## INPUT MATERIAL
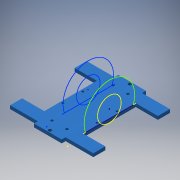
# Autodesk Inventor part: Base
Saved by Autodesk Inventor 2016 (Build 200138000, 138)
## iProperties
Created: 2017-02-20
Part Number: Base
Material: Generic
Document SubType Name: Modeling
Designer: jorge
Density: 1 g/cm^3
Appearance: Cyan
Author: jorge
Autodesk Inventor part; units mm, degrees
ref_plane "YZ Plane" through (0, 0, 0) normal (1, 0, 0) x (0, 1, 0)
ref_plane "XZ Plane" through (0, 0, 0) normal (0, 1, 0) x (-1, 0, 0)
ref_plane "XY Plane" through (0, 0, 0) normal (0, 0, 1) x (1, 0, 0)
sketch "Sketch1" plane through (0, 0, 0) normal (0, 1, 0) x (-1, 0, 0)
  line L0 (25, 0) -> (50, 0)
  line L1 (50, -75) -> (25, -75)
  line L2 (75, 0) -> (75, -25)
  line L3 (75, -25) -> (72, -25)
  line L4 (75, -75) -> (75, -50)
  line L5 (75, -50) -> (72, -50)
  line L6 (72, -50) -> (72, -25)
  line L7 (0, -25) -> (3, -25)
  line L8 (3, -25) -> (3, -50)
  line L9 (3, -50) -> (0, -50)
  line L10 (0, -75) -> (3, -75)
  line L11 (25, -75) -> (25, -72)
  line L12 (25, -72) -> (0, -72)
  line L13 (75, -75) -> (72, -75)
  line L14 (50, -75) -> (50, -72)
  line L15 (50, -72) -> (75, -72)
  line L16 (50, 0) -> (50, -3)
  line L17 (50, -3) -> (75, -3)
  line L18 (25, 0) -> (25, -3)
  line L19 (25, -3) -> (0, -3)
  line L20 (75, 0) -> (75, -25)
  line L21 (75, -50) -> (75, -75)
  line L22 (0, -75) -> (0, -50)
  line L23 (0, -25) -> (0, 0)
  dimension "d0" = 75
  dimension "d1" = 75
  dimension "d2" = 25
  dimension "d3" = 3
  dimension "d4" = 25
  dimension "d5" = 3
  dimension "d6" = 25
  dimension "d7" = 3
  dimension "d8" = 25
  dimension "d9" = 3
  dimension "d10" = 3
  constraints: 48 end point, 11 perpendicular, 10 point on line, 7 parallel, 2 horizontal, 1 vertical
  measures "d0" distance of L4.start L10.start
  measures "d1" distance of L2.start L4.start
  measures "d2" distance of L2.start L2.end
  measures "d3" distance of L2.end L3.end
  measures "d4" distance of L4.start L4.end
  measures "d5" distance of L7.start L7.end
  measures "d6" distance of L1.end L10.start
  measures "d7" distance of L1.end L11.end
  measures "d8" distance of L1.start L4.start
  measures "d9" distance of L0.end L16.end
  measures "d10" distance of L0.start L18.end
extrude "Extrusion1" add sketch "Sketch1" along normal blind 3
sketch "Sketch3" plane through (0, 0, 0) normal (0, -1, 0) x (1, 0, 0)
  line L0 (-3, -13.8146) -> (0, -13.8146) projected
  line L1 (0, -61.1854) -> (-3, -61.1854) projected
  line L2 (-72, -61.1854) -> (-75, -61.1854) projected
  line L3 (-75, -13.8146) -> (-72, -13.8146) projected
  line L4 (0, -61.1854) -> (-20, -61.1854)
  line L5 (-20, -61.1854) -> (-20, -13.8146)
  line L6 (0, -13.8146) -> (-20, -13.8146)
  line L7 (-75, -13.8146) -> (-55, -13.8146)
  line L8 (-55, -13.8146) -> (-55, -61.1854)
  line L9 (-75, -61.1854) -> (-55, -61.1854)
  line L10 (-75, -61.1854) -> (-75, -13.8146)
  line L11 (0, -13.8146) -> (0, -61.1854)
  line L12 (0, -50) -> (0, -72) projected
  point P0 (0, 0)
  dimension "d13" = 20
  dimension "d14" = 20
  constraints: 16 end point, 5 perpendicular, 2 point on line, 1 collinear, 1 horizontal
  measures "d13" distance of L1.start L4.end
  measures "d14" distance of L3.start L7.end
extrude "Extrusion2" cut sketch "Sketch3" along normal mid plane 25.4
sketch "Sketch4" plane through (0, 0, 0) normal (0, -1, 0) x (1, 0, 0)
  circle A0 centre (-30.7671, -9.9986) radius 1.14 projected
  circle A1 centre (-44.2271, -10.0014) radius 1.14 projected
  arc A2 (-31.5, -28.5) -> (-33.5, -28.5) centre (-32.5, -28.5) ccw projected
  circle A3 centre (-30.7671, -64.9995) radius 1.14 projected
  circle A4 centre (-44.2271, -65.0005) radius 1.14 projected
  arc A5 (-41.5, -28.5) -> (-43.5, -28.5) centre (-42.5, -28.5) ccw projected
  circle A6 centre (-42.5, -28.5) radius 1
  circle A7 centre (-32.5, -28.5) radius 1
  circle A8 centre (-30.7671, -64.9995) radius 1.14
  circle A9 centre (-44.2271, -65.0005) radius 1.14
  circle A10 centre (-44.2271, -10.0014) radius 1.14
  circle A11 centre (-30.7671, -9.9986) radius 1.14
  arc A12 (-33.5, -46.5) -> (-31.5, -46.5) centre (-32.5, -46.5) ccw projected
  arc A13 (-43.5, -46.5) -> (-41.5, -46.5) centre (-42.5, -46.5) ccw projected
  circle A14 centre (-32.5, -46.5) radius 1
  circle A15 centre (-42.5, -46.5) radius 1
  point P0 (0, 0)
  constraints: 8 coincident, 6 centre point, 4 concentric, 2 horizontal alignment, 4 other
extrude "Extrusion3" cut sketch "Sketch4" against normal blind 3 contours A0 | A1 | A3 | A4
sketch "Sketch5" plane through (0, 0, 0) normal (0, -1, 0) x (1, 0, 0)
  line L0 (-17.5, -6) -> (-17.5, -17) projected
  line L1 (-17.5, -17) -> (-29.5, -17) projected
  line L2 (-47, -17) -> (-56, -17) projected
  line L3 (-56, -6) -> (-56, -17) projected
  line L4 (-17.5, -17) -> (-29.5, -17)
  line L5 (-29.5, -17) -> (-29.5, -6)
  line L6 (-29.5, -6) -> (-17.5, -6)
  line L7 (-17.5, -6) -> (-17.5, -17)
  line L8 (-56, -17) -> (-47, -17)
  line L9 (-47, -17) -> (-47, -6)
  line L10 (-47, -6) -> (-56, -6)
  line L11 (-56, -6) -> (-56, -17)
  arc A0 (-23.098, -46.5011) -> (-21.098, -46.5011) centre (-22.098, -46.5011) ccw projected
  circle A1 centre (-22.098, -28.5012) radius 1 projected
  arc A2 (-21.098, -28.5011) -> (-23.098, -28.5011) centre (-22.098, -28.5011) ccw projected
  arc A3 (-23.098, -46.5011) -> (-21.098, -46.5011) centre (-22.098, -46.5011) ccw projected
  circle A4 centre (-22.098, -46.5078) radius 1 projected
  line L12 (-72, -25) -> (-72, -3) projected
  line L13 (-25, -3) -> (-3, -3) projected
  line L14 (-50, -72) -> (-72, -72) projected
  circle A5 centre (-52.902, -46.4986) radius 1 projected
  arc A6 (-51.902, -28.4986) -> (-53.902, -28.4986) centre (-52.902, -28.4986) ccw projected
  circle A7 centre (-52.902, -28.492) radius 1 projected
  circle A8 centre (-37.5, -1.5) radius 1.5 projected
  circle A9 centre (-1.5, -37.5) radius 1.5 projected
  circle A10 centre (-37.5, -73.5) radius 1.5 projected
  circle A11 centre (-73.5, -36) radius 1.5 projected
  circle A12 centre (-73.5, -36) radius 1.5 projected
  circle A13 centre (-73.5, -36) radius 1.5 projected
  circle A14 centre (-37.5, -1.5) radius 1.5 projected
  circle A15 centre (-37.5, -73.5) radius 1.5 projected
  circle A16 centre (-37.5, -73.5) radius 1.5 projected
  line L15 (-72, -50) -> (-75, -50) projected
  circle A17 centre (-37.5, -73.5) radius 1.5 projected
  circle A18 centre (-37.5, -73.5) radius 1.5 projected
  circle A19 centre (-37.5, -73.5) radius 1.5 projected
  circle A20 centre (-37.5, -73.5) radius 1.5 projected
  circle A21 centre (-37.5, -73.5) radius 1.5 projected
  circle A22 centre (-37.5, -73.5) radius 1.5 projected
  circle A23 centre (-37.5, -73.5) radius 1.5 projected
  circle A24 centre (-37.5, -73.5) radius 1.5 projected
  circle A25 centre (-37.5, -73.5) radius 1.5 projected
  circle A26 centre (-37.5, -73.5) radius 1.5 projected
  circle A27 centre (-37.5, -73.5) radius 1.5 projected
  circle A28 centre (-37.5, -73.5) radius 1.5 projected
  circle A29 centre (-37.5, -1.5) radius 1.5 projected
  circle A30 centre (-37.5, -73.5) radius 1.5 projected
  circle A31 centre (-37.5, -73.5) radius 1.5 projected
  circle A32 centre (-36.0014, -62.75) radius 1.5 projected
  line L16 (-50, -72) -> (-50, -75.5) projected
  line L17 (-72, -72) -> (-72, -50) projected
  line L18 (-75, -50) -> (-75, -25) projected
  line L19 (-75, -25) -> (-72, -25) projected
  line L20 (-72, -3) -> (-50, -3) projected
  line L21 (-50, -3) -> (-50, 0.5) projected
  line L22 (-25, 0.5) -> (-50, 0.5) projected
  line L23 (-25, -3) -> (-25, 0.5) projected
  line L24 (-3, -3) -> (-3, -25) projected
  line L25 (-3, -25) -> (0, -25) projected
  line L26 (0, -25) -> (0, -50) projected
  line L27 (0, -50) -> (-3, -50) projected
  line L28 (-3, -50) -> (-3, -72) projected
  line L29 (-3, -72) -> (-25, -72) projected
  line L30 (-25, -72) -> (-25, -75.5) projected
  line L31 (-50, -75.5) -> (-25, -75.5) projected
  point P0 (0, 0)
  point P1 (-37.5, -1.5)
  point P2 (-37.5, 0)
  constraints: 16 end point, 4 parallel, 2 horizontal, 2 perpendicular, 1 vertical alignment
extrude "Extrusion4" cut sketch "Sketch5" against normal blind 25.4 contours A4 A0 | A0 A4 | A1 | A5 | A7 A6 | A6 A7
sketch "Sketch6" plane through (0, 0, 0) normal (0, -1, 0) x (1, 0, 0)
  circle A0 centre (-52.902, -46.4986) radius 1 projected
  arc A1 (-21.098, -28.5011) -> (-23.098, -28.5011) centre (-22.098, -28.5011) ccw projected
  arc A2 (-23.098, -28.5011) -> (-21.098, -28.5011) centre (-22.098, -28.5012) ccw projected
  circle A3 centre (-22.098, -46.5078) radius 1 projected
  circle A4 centre (-52.902, -28.492) radius 1 projected
  circle A5 centre (-30.7671, -64.9995) radius 1.14 projected
  circle A6 centre (-30.7671, -9.9986) radius 1.14 projected
  circle A7 centre (-44.2271, -10.0014) radius 1.14 projected
  circle A8 centre (-44.2271, -65.0005) radius 1.14 projected
  line L0 (0, -61.1854) -> (-20, -61.1854) projected
  line L1 (-20, -61.1854) -> (-20, -13.8146) projected
  line L2 (-20, -13.8146) -> (0, -13.8146) projected
  line L3 (0, -3) -> (0, -13.8146) projected
  line L4 (-25, -3) -> (0, -3) projected
  line L5 (-25, 0) -> (-25, -3) projected
  line L6 (-50, 0) -> (-25, 0) projected
  line L7 (-50, -3) -> (-50, 0) projected
  line L8 (-75, -3) -> (-50, -3) projected
  line L9 (-75, -13.8146) -> (-75, -3) projected
  line L10 (-75, -13.8146) -> (-55, -13.8146) projected
  line L11 (-55, -13.8146) -> (-55, -61.1854) projected
  line L12 (-55, -61.1854) -> (-75, -61.1854) projected
  line L13 (-75, -72) -> (-75, -61.1854) projected
  line L14 (-50, -72) -> (-75, -72) projected
  line L15 (-50, -75) -> (-50, -72) projected
  line L16 (-25, -75) -> (-50, -75) projected
  line L17 (-25, -72) -> (-25, -75) projected
  line L18 (0, -72) -> (-25, -72) projected
  line L19 (0, -61.1854) -> (0, -72) projected
  circle A9 centre (-37.5, -73.5) radius 1.5
  circle A10 centre (-37.5, -1.5) radius 1.5
  point P0 (0, 0)
  dimension "d21" = 3
  dimension "d25" = 3
  constraints: 2 centre point
  measures "d21" diameter of A9
  measures "d25" diameter of A10
extrude "Extrusion5" cut sketch "Sketch6" against normal blind 25.4 contours A10 | A9
sketch "Sketch7" plane through (-50, 0, 0) normal (0, 0, 1) x (1, 0, 0)
  line L0 (12.5, 0) -> (12.5, 3) projected
  line L1 (12.5, 0) -> (25, 0) projected
  line L2 (25, 0) -> (25, 3) projected
  line L3 (12.5, 3) -> (25, 3) projected
  line L4 (0, 3) -> (12.5, 3) projected
  line L5 (0, 0) -> (0, 3) projected
  line L6 (0, 0) -> (12.5, 0) projected
  line L7 (12.5, 0) -> (12.5, 3) projected
  line L8 (0, 3) -> (12.5, 3) projected
  line L9 (0, 0) -> (0, 3) projected
  line L10 (0, 0) -> (12.5, 0) projected
  line L11 (12.5, 0) -> (25, 0) projected
  line L12 (25, 0) -> (25, 3) projected
  line L13 (12.5, 3) -> (25, 3) projected
  point P0 (50, 0)
extrude "Extrusion6" add sketch "Sketch7" along normal blind 0.5
sketch "Sketch8" plane through (-50, 0, -75) normal (0, 0, -1) x (-1, 0, 0)
  line L0 (0, 0) -> (-25, 0) projected
  line L1 (-25, 0) -> (-25, 3) projected
  line L2 (-25, 3) -> (0, 3) projected
  line L3 (0, 3) -> (0, 0) projected
  point P0 (-50, 0)
extrude "Extrusion7" add sketch "Sketch8" along normal blind 0.5
body "Solid1"

## WORK ITEM
Track down all lines above with the string "Base" and copy them.

## EXPECTED OUTPUT
# Autodesk Inventor part: Base
Part Number: Base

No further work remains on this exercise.